Your task:
From the records below, set down exactly the lines starting with the line that contains "Circle(F3_R)" and going on through the line that contains "# F7_face (on face) → F8 section 0". Nothing else is wanted.

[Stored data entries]
※
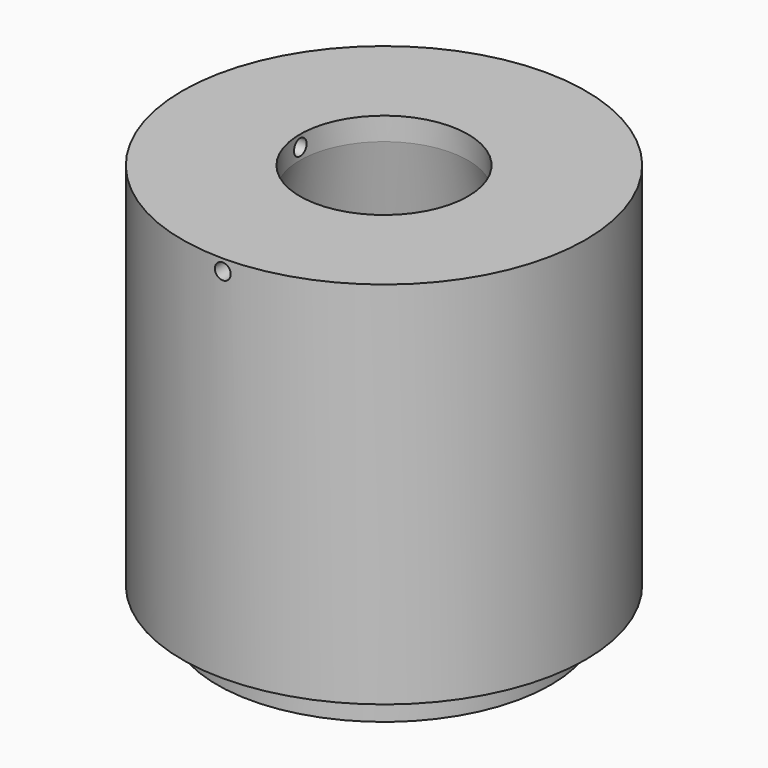
from build123d import *

# Parameters (mm, degrees)
F0_R            = 38.1
F1_DEPTH        = 76.2
F3_R            = 28.575
F4_DEPTH        = 6.35
F5_R            = 1.5
F6_DEPTH        = 50.8
F6_COPIES_COUNT = 2
F6_COPIES_ANGLE = 90
F2_R            = 15.875
F7_DEPTH        = 4.318
F7_FACE_R       = 15.875
F4_FACE_R       = 28.575
F9_R            = 38.1
F9_R_2          = 31.496
F10_DEPTH       = 6.35


# Not quite as in the source:
# - a pattern or mirror of a feature is missing from the dataset's text; its kind, count and spacing are read off the source's solid


with BuildPart() as f1:
    # F0 (on Top) → F1 (new body)
    with BuildSketch(Plane.XY):
        Circle(F0_R)
    extrude(amount=F1_DEPTH)

    # F3 (on face) → F4 (cut)
    with BuildSketch(Plane(origin=(0, 0, 0), x_dir=(1, 0, 0), z_dir=(0, 0, -1))):
        Circle(F3_R)
    extrude(amount=-F4_DEPTH, mode=Mode.SUBTRACT)

    # F5 (on Right) → F6 (cut)
    with BuildSketch(Plane.YZ):
        with Locations((0, 74.041)):
            Circle(F5_R)
    f6 = extrude(amount=-F6_DEPTH, mode=Mode.SUBTRACT)

    # F6_copies: F6 ×2 about axis
    f6_copies_axis = Axis((0, 0, 0), (0, 0, 1))
    for i in range(1, F6_COPIES_COUNT):
        add(f6.rotate(f6_copies_axis, i * F6_COPIES_ANGLE / (F6_COPIES_COUNT - 1)), mode=Mode.SUBTRACT)

    # F2 (on face) → F7 (cut)
    with BuildSketch(Plane.XY.offset(76.2)):
        Circle(F2_R)
    extrude(amount=-F7_DEPTH, mode=Mode.SUBTRACT)

    # F7_face (on face) → F8 section 0
    with BuildSketch(Plane.XY.offset(71.882)):
        Circle(F7_FACE_R)
    # F4_face (on face) → F8 section 1
    with BuildSketch(Plane(origin=(0, 0, 6.35), x_dir=(1, 0, 0), z_dir=(0, 0, -1))):
        Circle(F4_FACE_R)
    loft(mode=Mode.SUBTRACT)

    # F9 (on face) → F10 (cut)
    with BuildSketch(Plane(origin=(0, 0, 0), x_dir=(1, 0, 0), z_dir=(0, 0, -1))):
        Circle(F9_R)
        Circle(F9_R_2, mode=Mode.SUBTRACT)
    extrude(amount=-F10_DEPTH, mode=Mode.SUBTRACT)


solid = f1.part
※
Written answer:
        Circle(F3_R)
    extrude(amount=-F4_DEPTH, mode=Mode.SUBTRACT)

    # F5 (on Right) → F6 (cut)
    with BuildSketch(Plane.YZ):
        with Locations((0, 74.041)):
            Circle(F5_R)
    f6 = extrude(amount=-F6_DEPTH, mode=Mode.SUBTRACT)

    # F6_copies: F6 ×2 about axis
    f6_copies_axis = Axis((0, 0, 0), (0, 0, 1))
    for i in range(1, F6_COPIES_COUNT):
        add(f6.rotate(f6_copies_axis, i * F6_COPIES_ANGLE / (F6_COPIES_COUNT - 1)), mode=Mode.SUBTRACT)

    # F2 (on face) → F7 (cut)
    with BuildSketch(Plane.XY.offset(76.2)):
        Circle(F2_R)
    extrude(amount=-F7_DEPTH, mode=Mode.SUBTRACT)

    # F7_face (on face) → F8 section 0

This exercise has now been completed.